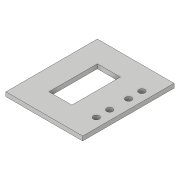
# Autodesk Inventor part: switch holder
Saved by Autodesk Inventor 2018 (Build 220112000, 112)
## iProperties
Created: 2017-12-14
Part Number: switch holder
Material: Generic
Document SubType Name: Modeling
Designer: ball
Density: 1 g/cm^3
Appearance: Default
Author: ball
Autodesk Inventor part; units mm, degrees
ref_plane "YZ Plane" through (0, 0, 0) normal (1, 0, 0) x (0, 1, 0)
ref_plane "XZ Plane" through (0, 0, 0) normal (0, 1, 0) x (-1, 0, 0)
ref_plane "XY Plane" through (0, 0, 0) normal (0, 0, 1) x (1, 0, 0)
sketch "Sketch1" plane through (0, 0, 0) normal (0, 1, 0) x (-1, 0, 0)
  line L0 (-22.6949, -27.051) -> (22.6949, -27.051)
  line L1 (22.6949, -27.051) -> (22.6949, 27.051)
  line L2 (22.6949, 27.051) -> (-22.6949, 27.051)
  line L3 (-22.6949, 27.051) -> (-22.6949, -27.051)
  line L4 (-22.6949, -27.051) -> (22.6949, 27.051) construction
  line L5 (22.6949, -27.051) -> (-22.6949, 27.051) construction
  point P0 (0, 0)
  dimension "d0" = 45.3898
  dimension "d1" = 54.102
  constraints: 12 end point, 2 midpoint, 2 parallel, 1 horizontal, 1 perpendicular
  measures "d0" distance between parallel lines of L1 L3
  measures "d1" distance between parallel lines of L0 L2
extrude "Extrusion1" add sketch "Sketch1" along normal blind 2.54
sketch "Sketch2" plane through (0, 2.54, 0) normal (0, 1, 0) x (1, 0, 0)
  line L0 (-9.9949, 14.351) -> (3.6449, 14.351)
  line L1 (3.6449, 14.351) -> (3.6449, -14.351)
  line L2 (3.6449, -14.351) -> (-9.9949, -14.351)
  line L3 (-9.9949, -14.351) -> (-9.9949, 14.351)
  line L4 (22.6949, -27.051) -> (22.6949, 27.051) projected
  line L5 (22.6949, 27.051) -> (-22.6949, 27.051) projected
  point P0 (0, 0)
  dimension "d4" = 13.6398
  dimension "d5" = 28.702
  dimension "d6" = 19.05
  dimension "d7" = 12.7
  constraints: 8 end point, 2 parallel, 1 horizontal, 1 perpendicular
  measures "d4" distance of L0.start L0.end
  measures "d5" distance of L2.end L0.start
  measures "d6" distance between parallel lines of L4 L1
  measures "d7" distance between parallel lines of L5 L0
extrude "Extrusion2" cut sketch "Sketch2" against normal through all
sketch "Sketch3" plane through (0, 2.54, 0) normal (0, 1, 0) x (1, 0, 0)
  circle A0 centre (17.2339, -5.588) radius 1.778
  line L0 (22.6949, -27.051) -> (22.6949, 27.051) projected
  circle A1 centre (17.2339, 5.588) radius 1.778
  circle A2 centre (17.2339, 13.4747) radius 1.778
  circle A3 centre (17.2339, -13.4747) radius 1.778
  line L1 (-22.6949, -27.051) -> (22.6949, -27.051) projected
  line L2 (22.6949, 27.051) -> (-22.6949, 27.051) projected
  point P0 (0, 0)
  dimension "d10" = 3.556
  dimension "d12" = 3.556
  dimension "d13" = 14.732
  dimension "d14" = 7.62
  dimension "d15" = 3.556
  dimension "d16" = 3.556
  dimension "d17" = 4.3307
  dimension "d18" = 4.3307
  dimension "d19" = 26.9494
  dimension "d20" = 13.5763
  dimension "d21" = 13.5763
  constraints: 4 centre point
  measures "d10" diameter of A0
  measures "d12" diameter of A1
  measures "d15" diameter of A2
  measures "d16" diameter of A3
  measures "d19" distance of A2.centre A3.centre
  measures "d20" distance from line of L1 A3.centre
  measures "d21" distance from line of L2 A2.centre
extrude "Extrusion3" cut sketch "Sketch3" against normal through all
body "Solid1"

★ ★ ★ ★ ★ ★ ★

- _Task brief_: Give the data again exactly, image-free.

- _Your response_:
# Autodesk Inventor part: switch holder
Saved by Autodesk Inventor 2018 (Build 220112000, 112)
## iProperties
Created: 2017-12-14
Part Number: switch holder
Material: Generic
Document SubType Name: Modeling
Designer: ball
Density: 1 g/cm^3
Appearance: Default
Author: ball
Autodesk Inventor part; units mm, degrees
ref_plane "YZ Plane" through (0, 0, 0) normal (1, 0, 0) x (0, 1, 0)
ref_plane "XZ Plane" through (0, 0, 0) normal (0, 1, 0) x (-1, 0, 0)
ref_plane "XY Plane" through (0, 0, 0) normal (0, 0, 1) x (1, 0, 0)
sketch "Sketch1" plane through (0, 0, 0) normal (0, 1, 0) x (-1, 0, 0)
  line L0 (-22.6949, -27.051) -> (22.6949, -27.051)
  line L1 (22.6949, -27.051) -> (22.6949, 27.051)
  line L2 (22.6949, 27.051) -> (-22.6949, 27.051)
  line L3 (-22.6949, 27.051) -> (-22.6949, -27.051)
  line L4 (-22.6949, -27.051) -> (22.6949, 27.051) construction
  line L5 (22.6949, -27.051) -> (-22.6949, 27.051) construction
  point P0 (0, 0)
  dimension "d0" = 45.3898
  dimension "d1" = 54.102
  constraints: 12 end point, 2 midpoint, 2 parallel, 1 horizontal, 1 perpendicular
  measures "d0" distance between parallel lines of L1 L3
  measures "d1" distance between parallel lines of L0 L2
extrude "Extrusion1" add sketch "Sketch1" along normal blind 2.54
sketch "Sketch2" plane through (0, 2.54, 0) normal (0, 1, 0) x (1, 0, 0)
  line L0 (-9.9949, 14.351) -> (3.6449, 14.351)
  line L1 (3.6449, 14.351) -> (3.6449, -14.351)
  line L2 (3.6449, -14.351) -> (-9.9949, -14.351)
  line L3 (-9.9949, -14.351) -> (-9.9949, 14.351)
  line L4 (22.6949, -27.051) -> (22.6949, 27.051) projected
  line L5 (22.6949, 27.051) -> (-22.6949, 27.051) projected
  point P0 (0, 0)
  dimension "d4" = 13.6398
  dimension "d5" = 28.702
  dimension "d6" = 19.05
  dimension "d7" = 12.7
  constraints: 8 end point, 2 parallel, 1 horizontal, 1 perpendicular
  measures "d4" distance of L0.start L0.end
  measures "d5" distance of L2.end L0.start
  measures "d6" distance between parallel lines of L4 L1
  measures "d7" distance between parallel lines of L5 L0
extrude "Extrusion2" cut sketch "Sketch2" against normal through all
sketch "Sketch3" plane through (0, 2.54, 0) normal (0, 1, 0) x (1, 0, 0)
  circle A0 centre (17.2339, -5.588) radius 1.778
  line L0 (22.6949, -27.051) -> (22.6949, 27.051) projected
  circle A1 centre (17.2339, 5.588) radius 1.778
  circle A2 centre (17.2339, 13.4747) radius 1.778
  circle A3 centre (17.2339, -13.4747) radius 1.778
  line L1 (-22.6949, -27.051) -> (22.6949, -27.051) projected
  line L2 (22.6949, 27.051) -> (-22.6949, 27.051) projected
  point P0 (0, 0)
  dimension "d10" = 3.556
  dimension "d12" = 3.556
  dimension "d13" = 14.732
  dimension "d14" = 7.62
  dimension "d15" = 3.556
  dimension "d16" = 3.556
  dimension "d17" = 4.3307
  dimension "d18" = 4.3307
  dimension "d19" = 26.9494
  dimension "d20" = 13.5763
  dimension "d21" = 13.5763
  constraints: 4 centre point
  measures "d10" diameter of A0
  measures "d12" diameter of A1
  measures "d15" diameter of A2
  measures "d16" diameter of A3
  measures "d19" distance of A2.centre A3.centre
  measures "d20" distance from line of L1 A3.centre
  measures "d21" distance from line of L2 A2.centre
extrude "Extrusion3" cut sketch "Sketch3" against normal through all
body "Solid1"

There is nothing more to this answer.